With the development of cheap colour printing in the mid-twentieth century the paintings of artists such as Picasso and Monet became accessible to a wider audience, and thus became a type of consumer good. Lichtenstein’s appropriation and reworking of these paintings was a critical gesture, shedding light on the mechanical reproduction of art. In this work Lichtenstein combined the fleeting effects of impressionism (for example capturing reflections of light on water) with a systematic painting technique. He described it as ‘an industrial way of making Impressionism by a machinelike technique’ (quoted in Alloway 1983, p.53). Art historian Mary Lee Corlett has also remarked on this aspect of Lichtenstein’s work: ‘he is neither paying homage nor denigrating but is calling our attention to all that he finds important, using forms and techniques appropriate to a time that knows most works of art through mechanical reproduction.’ (Corlett 1994, p.42.)

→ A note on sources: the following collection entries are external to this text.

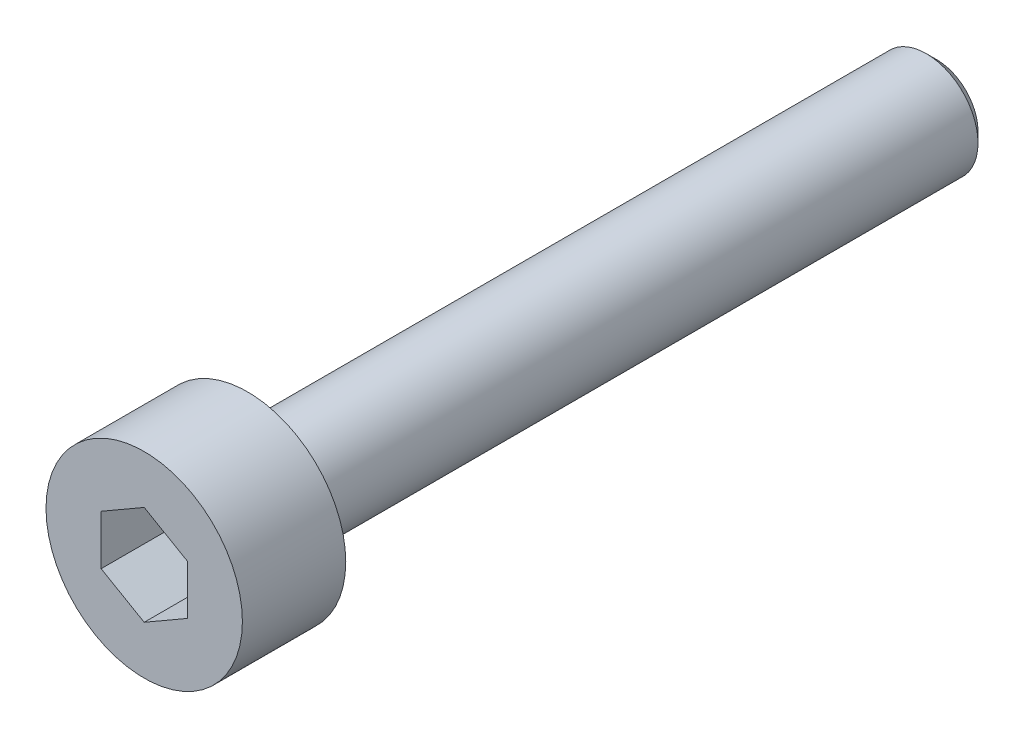
ISO-10303-21;
HEADER;
FILE_DESCRIPTION(('STEP AP214'),'2;1');
FILE_NAME('part.step','',(''),(''),'','','');
FILE_SCHEMA(('AUTOMOTIVE_DESIGN { 1 0 10303 214 1 1 1 1 }'));
ENDSEC;
DATA;
#1=APPLICATION_CONTEXT('core data for automotive mechanical design processes');
#2=APPLICATION_PROTOCOL_DEFINITION('international standard','automotive_design',2000,#1);
#3=PRODUCT_CONTEXT('',#1,'mechanical');
#4=PRODUCT('Part','Part','',(#3));
#5=PRODUCT_RELATED_PRODUCT_CATEGORY('part','',(#4));
#6=PRODUCT_DEFINITION_FORMATION('','',#4);
#7=PRODUCT_DEFINITION_CONTEXT('part definition',#1,'design');
#8=PRODUCT_DEFINITION('design','',#6,#7);
#9=PRODUCT_DEFINITION_SHAPE('','',#8);
#10=(LENGTH_UNIT() NAMED_UNIT(*) SI_UNIT(.MILLI.,.METRE.));
#11=(NAMED_UNIT(*) PLANE_ANGLE_UNIT() SI_UNIT($,.RADIAN.));
#12=(NAMED_UNIT(*) SI_UNIT($,.STERADIAN.) SOLID_ANGLE_UNIT());
#13=UNCERTAINTY_MEASURE_WITH_UNIT(LENGTH_MEASURE(1.E-05),#10,'distance_accuracy_value','');
#14=(GEOMETRIC_REPRESENTATION_CONTEXT(3) GLOBAL_UNCERTAINTY_ASSIGNED_CONTEXT((#13)) GLOBAL_UNIT_ASSIGNED_CONTEXT((#10,
#11,#12)) REPRESENTATION_CONTEXT('',''));
#15=CARTESIAN_POINT('',(0.,0.,0.));
#16=DIRECTION('',(0.,0.,1.));
#17=DIRECTION('',(1.,0.,0.));
#18=AXIS2_PLACEMENT_3D('',#15,#16,#17);
#19=CARTESIAN_POINT('',(0.,0.,0.));
#20=DIRECTION('',(0.,0.,1.));
#21=DIRECTION('',(1.,0.,0.));
#22=AXIS2_PLACEMENT_3D('',#19,#20,#21);
#23=PLANE('',#22);
#24=CARTESIAN_POINT('',(0.,0.,0.));
#25=DIRECTION('',(0.,0.,1.));
#26=DIRECTION('',(1.,0.,0.));
#27=AXIS2_PLACEMENT_3D('',#24,#25,#26);
#28=CIRCLE('',#27,2.85);
#29=CARTESIAN_POINT('',(2.85,0.,0.));
#30=VERTEX_POINT('',#29);
#31=EDGE_CURVE('E171',#30,#30,#28,.T.);
#32=ORIENTED_EDGE('',*,*,#31,.F.);
#33=EDGE_LOOP('',(#32));
#34=FACE_BOUND('',#33,.T.);
#35=CARTESIAN_POINT('',(0.,0.,0.));
#36=DIRECTION('',(0.,0.,1.));
#37=DIRECTION('',(1.,0.,0.));
#38=AXIS2_PLACEMENT_3D('',#35,#36,#37);
#39=CIRCLE('',#38,1.5);
#40=CARTESIAN_POINT('',(1.5,0.,0.));
#41=VERTEX_POINT('',#40);
#42=EDGE_CURVE('E183',#41,#41,#39,.F.);
#43=ORIENTED_EDGE('',*,*,#42,.F.);
#44=EDGE_LOOP('',(#43));
#45=FACE_BOUND('',#44,.T.);
#46=ADVANCED_FACE('F42',(#34,#45),#23,.F.);
#47=CARTESIAN_POINT('',(0.,0.,3.));
#48=DIRECTION('',(0.,0.,-1.));
#49=DIRECTION('',(-1.,0.,0.));
#50=AXIS2_PLACEMENT_3D('',#47,#48,#49);
#51=CYLINDRICAL_SURFACE('',#50,2.85);
#52=CARTESIAN_POINT('',(0.,0.,3.));
#53=DIRECTION('',(0.,0.,1.));
#54=DIRECTION('',(1.,0.,0.));
#55=AXIS2_PLACEMENT_3D('',#52,#53,#54);
#56=CIRCLE('',#55,2.85);
#57=CARTESIAN_POINT('',(2.85,0.,3.));
#58=VERTEX_POINT('',#57);
#59=EDGE_CURVE('E179',#58,#58,#56,.T.);
#60=ORIENTED_EDGE('',*,*,#59,.F.);
#61=EDGE_LOOP('',(#60));
#62=FACE_BOUND('',#61,.T.);
#63=ORIENTED_EDGE('',*,*,#31,.T.);
#64=EDGE_LOOP('',(#63));
#65=FACE_BOUND('',#64,.T.);
#66=ADVANCED_FACE('F208',(#62,#65),#51,.T.);
#67=CARTESIAN_POINT('',(0.,0.,3.));
#68=DIRECTION('',(0.,0.,1.));
#69=DIRECTION('',(1.,0.,0.));
#70=AXIS2_PLACEMENT_3D('',#67,#68,#69);
#71=PLANE('',#70);
#72=DIRECTION('',(-0.866025403784439,0.5,0.));
#73=VECTOR('',#72,1.);
#74=CARTESIAN_POINT('',(1.25,0.721687836487032,3.));
#75=LINE('',#74,#73);
#76=CARTESIAN_POINT('',(1.25,0.721687836487032,3.));
#77=VERTEX_POINT('',#76);
#78=CARTESIAN_POINT('',(0.,1.44337567297406,3.));
#79=VERTEX_POINT('',#78);
#80=EDGE_CURVE('E60',#77,#79,#75,.T.);
#81=ORIENTED_EDGE('',*,*,#80,.F.);
#82=DIRECTION('',(0.,1.,0.));
#83=VECTOR('',#82,1.);
#84=CARTESIAN_POINT('',(1.25,-0.721687836487032,3.));
#85=LINE('',#84,#83);
#86=CARTESIAN_POINT('',(1.25,-0.721687836487032,3.));
#87=VERTEX_POINT('',#86);
#88=EDGE_CURVE('E165',#87,#77,#85,.T.);
#89=ORIENTED_EDGE('',*,*,#88,.F.);
#90=DIRECTION('',(0.866025403784439,0.5,0.));
#91=VECTOR('',#90,1.);
#92=CARTESIAN_POINT('',(0.,-1.44337567297406,3.));
#93=LINE('',#92,#91);
#94=CARTESIAN_POINT('',(0.,-1.44337567297406,3.));
#95=VERTEX_POINT('',#94);
#96=EDGE_CURVE('E162',#95,#87,#93,.T.);
#97=ORIENTED_EDGE('',*,*,#96,.F.);
#98=DIRECTION('',(0.866025403784439,-0.5,0.));
#99=VECTOR('',#98,1.);
#100=CARTESIAN_POINT('',(-1.25,-0.721687836487033,3.));
#101=LINE('',#100,#99);
#102=CARTESIAN_POINT('',(-1.25,-0.721687836487033,3.));
#103=VERTEX_POINT('',#102);
#104=EDGE_CURVE('E118',#103,#95,#101,.T.);
#105=ORIENTED_EDGE('',*,*,#104,.F.);
#106=DIRECTION('',(0.,-1.,0.));
#107=VECTOR('',#106,1.);
#108=CARTESIAN_POINT('',(-1.25,0.721687836487032,3.));
#109=LINE('',#108,#107);
#110=CARTESIAN_POINT('',(-1.25,0.721687836487032,3.));
#111=VERTEX_POINT('',#110);
#112=EDGE_CURVE('E156',#111,#103,#109,.T.);
#113=ORIENTED_EDGE('',*,*,#112,.F.);
#114=DIRECTION('',(-0.866025403784439,-0.5,0.));
#115=VECTOR('',#114,1.);
#116=CARTESIAN_POINT('',(0.,1.44337567297406,3.));
#117=LINE('',#116,#115);
#118=EDGE_CURVE('E152',#79,#111,#117,.T.);
#119=ORIENTED_EDGE('',*,*,#118,.F.);
#120=EDGE_LOOP('',(#81,#89,#97,#105,#113,#119));
#121=FACE_BOUND('',#120,.T.);
#122=ORIENTED_EDGE('',*,*,#59,.T.);
#123=EDGE_LOOP('',(#122));
#124=FACE_BOUND('',#123,.T.);
#125=ADVANCED_FACE('F214',(#121,#124),#71,.T.);
#126=CARTESIAN_POINT('',(0.,0.,-20.));
#127=DIRECTION('',(0.,0.,1.));
#128=DIRECTION('',(1.,0.,0.));
#129=AXIS2_PLACEMENT_3D('',#126,#127,#128);
#130=CYLINDRICAL_SURFACE('',#129,1.5);
#131=CARTESIAN_POINT('',(0.,0.,-19.7));
#132=DIRECTION('',(0.,0.,-1.));
#133=DIRECTION('',(-1.,0.,0.));
#134=AXIS2_PLACEMENT_3D('',#131,#132,#133);
#135=CIRCLE('',#134,1.5);
#136=CARTESIAN_POINT('',(-1.5,0.,-19.7));
#137=VERTEX_POINT('',#136);
#138=EDGE_CURVE('E11',#137,#137,#135,.F.);
#139=ORIENTED_EDGE('',*,*,#138,.T.);
#140=EDGE_LOOP('',(#139));
#141=FACE_BOUND('',#140,.T.);
#142=ORIENTED_EDGE('',*,*,#42,.T.);
#143=EDGE_LOOP('',(#142));
#144=FACE_BOUND('',#143,.T.);
#145=ADVANCED_FACE('F204',(#141,#144),#130,.T.);
#146=CARTESIAN_POINT('',(0.,0.,-20.));
#147=DIRECTION('',(0.,0.,-1.));
#148=DIRECTION('',(-1.,0.,0.));
#149=AXIS2_PLACEMENT_3D('',#146,#147,#148);
#150=PLANE('',#149);
#151=CARTESIAN_POINT('',(0.,0.,-20.));
#152=DIRECTION('',(0.,0.,-1.));
#153=DIRECTION('',(-1.,0.,0.));
#154=AXIS2_PLACEMENT_3D('',#151,#152,#153);
#155=CIRCLE('',#154,1.2);
#156=CARTESIAN_POINT('',(-1.2,0.,-20.));
#157=VERTEX_POINT('',#156);
#158=EDGE_CURVE('E51',#157,#157,#155,.T.);
#159=ORIENTED_EDGE('',*,*,#158,.T.);
#160=EDGE_LOOP('',(#159));
#161=FACE_BOUND('',#160,.T.);
#162=ADVANCED_FACE('F193',(#161),#150,.T.);
#163=CARTESIAN_POINT('',(0.,0.,-20.));
#164=DIRECTION('',(0.,0.,1.));
#165=DIRECTION('',(1.,0.,0.));
#166=AXIS2_PLACEMENT_3D('',#163,#164,#165);
#167=CONICAL_SURFACE('',#166,1.2,0.785398163397447);
#168=ORIENTED_EDGE('',*,*,#138,.F.);
#169=EDGE_LOOP('',(#168));
#170=FACE_BOUND('',#169,.T.);
#171=ORIENTED_EDGE('',*,*,#158,.F.);
#172=EDGE_LOOP('',(#171));
#173=FACE_BOUND('',#172,.T.);
#174=ADVANCED_FACE('F44',(#170,#173),#167,.T.);
#175=CARTESIAN_POINT('',(1.25,0.721687836487032,1.));
#176=DIRECTION('',(0.5,0.866025403784439,0.));
#177=DIRECTION('',(-0.866025403784439,0.5,0.));
#178=AXIS2_PLACEMENT_3D('',#175,#176,#177);
#179=PLANE('',#178);
#180=ORIENTED_EDGE('',*,*,#80,.T.);
#181=DIRECTION('',(0.,0.,1.));
#182=VECTOR('',#181,1.);
#183=CARTESIAN_POINT('',(0.,1.44337567297406,1.));
#184=LINE('',#183,#182);
#185=CARTESIAN_POINT('',(0.,1.44337567297406,1.));
#186=VERTEX_POINT('',#185);
#187=EDGE_CURVE('E97',#186,#79,#184,.T.);
#188=ORIENTED_EDGE('',*,*,#187,.F.);
#189=DIRECTION('',(-0.866025403784439,0.5,0.));
#190=VECTOR('',#189,1.);
#191=CARTESIAN_POINT('',(1.25,0.721687836487032,1.));
#192=LINE('',#191,#190);
#193=CARTESIAN_POINT('',(1.25,0.721687836487032,1.));
#194=VERTEX_POINT('',#193);
#195=EDGE_CURVE('E168',#194,#186,#192,.T.);
#196=ORIENTED_EDGE('',*,*,#195,.F.);
#197=DIRECTION('',(0.,0.,1.));
#198=VECTOR('',#197,1.);
#199=CARTESIAN_POINT('',(1.25,0.721687836487032,1.));
#200=LINE('',#199,#198);
#201=EDGE_CURVE('E71',#194,#77,#200,.T.);
#202=ORIENTED_EDGE('',*,*,#201,.T.);
#203=EDGE_LOOP('',(#180,#188,#196,#202));
#204=FACE_BOUND('',#203,.T.);
#205=ADVANCED_FACE('F196',(#204),#179,.F.);
#206=CARTESIAN_POINT('',(1.25,-0.721687836487032,1.));
#207=DIRECTION('',(1.,0.,0.));
#208=DIRECTION('',(0.,1.,0.));
#209=AXIS2_PLACEMENT_3D('',#206,#207,#208);
#210=PLANE('',#209);
#211=ORIENTED_EDGE('',*,*,#88,.T.);
#212=ORIENTED_EDGE('',*,*,#201,.F.);
#213=DIRECTION('',(0.,1.,0.));
#214=VECTOR('',#213,1.);
#215=CARTESIAN_POINT('',(1.25,-0.721687836487032,1.));
#216=LINE('',#215,#214);
#217=CARTESIAN_POINT('',(1.25,-0.721687836487032,1.));
#218=VERTEX_POINT('',#217);
#219=EDGE_CURVE('E132',#218,#194,#216,.T.);
#220=ORIENTED_EDGE('',*,*,#219,.F.);
#221=DIRECTION('',(0.,0.,1.));
#222=VECTOR('',#221,1.);
#223=CARTESIAN_POINT('',(1.25,-0.721687836487032,1.));
#224=LINE('',#223,#222);
#225=EDGE_CURVE('E123',#218,#87,#224,.T.);
#226=ORIENTED_EDGE('',*,*,#225,.T.);
#227=EDGE_LOOP('',(#211,#212,#220,#226));
#228=FACE_BOUND('',#227,.T.);
#229=ADVANCED_FACE('F202',(#228),#210,.F.);
#230=CARTESIAN_POINT('',(0.,-1.44337567297406,1.));
#231=DIRECTION('',(0.5,-0.866025403784439,0.));
#232=DIRECTION('',(0.866025403784439,0.5,0.));
#233=AXIS2_PLACEMENT_3D('',#230,#231,#232);
#234=PLANE('',#233);
#235=ORIENTED_EDGE('',*,*,#96,.T.);
#236=ORIENTED_EDGE('',*,*,#225,.F.);
#237=DIRECTION('',(0.866025403784439,0.5,0.));
#238=VECTOR('',#237,1.);
#239=CARTESIAN_POINT('',(0.,-1.44337567297406,1.));
#240=LINE('',#239,#238);
#241=CARTESIAN_POINT('',(0.,-1.44337567297406,1.));
#242=VERTEX_POINT('',#241);
#243=EDGE_CURVE('E127',#242,#218,#240,.T.);
#244=ORIENTED_EDGE('',*,*,#243,.F.);
#245=DIRECTION('',(0.,0.,1.));
#246=VECTOR('',#245,1.);
#247=CARTESIAN_POINT('',(0.,-1.44337567297406,1.));
#248=LINE('',#247,#246);
#249=EDGE_CURVE('E111',#242,#95,#248,.T.);
#250=ORIENTED_EDGE('',*,*,#249,.T.);
#251=EDGE_LOOP('',(#235,#236,#244,#250));
#252=FACE_BOUND('',#251,.T.);
#253=ADVANCED_FACE('F128',(#252),#234,.F.);
#254=CARTESIAN_POINT('',(-1.25,-0.721687836487033,1.));
#255=DIRECTION('',(-0.5,-0.866025403784439,0.));
#256=DIRECTION('',(0.866025403784439,-0.5,0.));
#257=AXIS2_PLACEMENT_3D('',#254,#255,#256);
#258=PLANE('',#257);
#259=ORIENTED_EDGE('',*,*,#104,.T.);
#260=ORIENTED_EDGE('',*,*,#249,.F.);
#261=DIRECTION('',(0.866025403784439,-0.5,0.));
#262=VECTOR('',#261,1.);
#263=CARTESIAN_POINT('',(-1.25,-0.721687836487033,1.));
#264=LINE('',#263,#262);
#265=CARTESIAN_POINT('',(-1.25,-0.721687836487033,1.));
#266=VERTEX_POINT('',#265);
#267=EDGE_CURVE('E115',#266,#242,#264,.T.);
#268=ORIENTED_EDGE('',*,*,#267,.F.);
#269=DIRECTION('',(0.,0.,1.));
#270=VECTOR('',#269,1.);
#271=CARTESIAN_POINT('',(-1.25,-0.721687836487033,1.));
#272=LINE('',#271,#270);
#273=EDGE_CURVE('E124',#266,#103,#272,.T.);
#274=ORIENTED_EDGE('',*,*,#273,.T.);
#275=EDGE_LOOP('',(#259,#260,#268,#274));
#276=FACE_BOUND('',#275,.T.);
#277=ADVANCED_FACE('F113',(#276),#258,.F.);
#278=CARTESIAN_POINT('',(-1.25,0.721687836487032,1.));
#279=DIRECTION('',(-1.,0.,0.));
#280=DIRECTION('',(0.,0.,1.));
#281=AXIS2_PLACEMENT_3D('',#278,#279,#280);
#282=PLANE('',#281);
#283=ORIENTED_EDGE('',*,*,#112,.T.);
#284=ORIENTED_EDGE('',*,*,#273,.F.);
#285=DIRECTION('',(0.,-1.,0.));
#286=VECTOR('',#285,1.);
#287=CARTESIAN_POINT('',(-1.25,0.721687836487032,1.));
#288=LINE('',#287,#286);
#289=CARTESIAN_POINT('',(-1.25,0.721687836487032,1.));
#290=VERTEX_POINT('',#289);
#291=EDGE_CURVE('E138',#290,#266,#288,.T.);
#292=ORIENTED_EDGE('',*,*,#291,.F.);
#293=DIRECTION('',(0.,0.,1.));
#294=VECTOR('',#293,1.);
#295=CARTESIAN_POINT('',(-1.25,0.721687836487032,1.));
#296=LINE('',#295,#294);
#297=EDGE_CURVE('E174',#290,#111,#296,.T.);
#298=ORIENTED_EDGE('',*,*,#297,.T.);
#299=EDGE_LOOP('',(#283,#284,#292,#298));
#300=FACE_BOUND('',#299,.T.);
#301=ADVANCED_FACE('F228',(#300),#282,.F.);
#302=CARTESIAN_POINT('',(0.,1.44337567297406,1.));
#303=DIRECTION('',(-0.5,0.866025403784439,0.));
#304=DIRECTION('',(-0.866025403784439,-0.5,0.));
#305=AXIS2_PLACEMENT_3D('',#302,#303,#304);
#306=PLANE('',#305);
#307=ORIENTED_EDGE('',*,*,#118,.T.);
#308=ORIENTED_EDGE('',*,*,#297,.F.);
#309=DIRECTION('',(-0.866025403784439,-0.5,0.));
#310=VECTOR('',#309,1.);
#311=CARTESIAN_POINT('',(0.,1.44337567297406,1.));
#312=LINE('',#311,#310);
#313=EDGE_CURVE('E144',#186,#290,#312,.T.);
#314=ORIENTED_EDGE('',*,*,#313,.F.);
#315=ORIENTED_EDGE('',*,*,#187,.T.);
#316=EDGE_LOOP('',(#307,#308,#314,#315));
#317=FACE_BOUND('',#316,.T.);
#318=ADVANCED_FACE('F225',(#317),#306,.F.);
#319=CARTESIAN_POINT('',(0.,0.,1.));
#320=DIRECTION('',(0.,0.,1.));
#321=DIRECTION('',(1.,0.,0.));
#322=AXIS2_PLACEMENT_3D('',#319,#320,#321);
#323=PLANE('',#322);
#324=ORIENTED_EDGE('',*,*,#195,.T.);
#325=ORIENTED_EDGE('',*,*,#313,.T.);
#326=ORIENTED_EDGE('',*,*,#291,.T.);
#327=ORIENTED_EDGE('',*,*,#267,.T.);
#328=ORIENTED_EDGE('',*,*,#243,.T.);
#329=ORIENTED_EDGE('',*,*,#219,.T.);
#330=EDGE_LOOP('',(#324,#325,#326,#327,#328,#329));
#331=FACE_BOUND('',#330,.T.);
#332=ADVANCED_FACE('F135',(#331),#323,.T.);
#333=CLOSED_SHELL('',(#46,#66,#125,#145,#162,#174,#205,#229,#253,#277,#301,#318,#332));
#334=MANIFOLD_SOLID_BREP('B2',#333);
#335=ADVANCED_BREP_SHAPE_REPRESENTATION('',(#18,#334),#14);
#336=SHAPE_DEFINITION_REPRESENTATION(#9,#335);
ENDSEC;
END-ISO-10303-21;

Monet’s original paintings, such as Water-Lilies after 1916 (Tate L01903), focus solely on what can be seen on the water’s surface. They exclude the horizon from the frame and use perspective only sparingly, lending the work an abstract quality, which appealed to Lichtenstein. However, Lichtenstein’s insertion of the reflective steel surfaces into the print calls into question ideas about composition even further, as foreground and background are connected by the mirror-like stainless steel. Monet’s original vast panoramic paintings envelop the viewer, yet the reflective surface of Lichtenstein’s Water Lily Pond with Reflections prevents a similar immersion by accentuating the flatness of the work. It adds a barrier, a distance and a coolness absent in Monet’s work. The viewer and his or her surroundings are reflected in the work, creating an ever-changing surface but also a divide between the landscape depicted and the context of the viewer, who is always occupying the impenetrable reflective fields.
Lawrence Alloway, Roy Lichtenstein, New York 1983.
Frederic Tuten, Roy Lichtenstein: Water Lilies, New York 1992.
Mary Lee Corlett, The Prints of Roy Lichtenstein: A Catalogue Raisonné 1948–1993, New York 1994.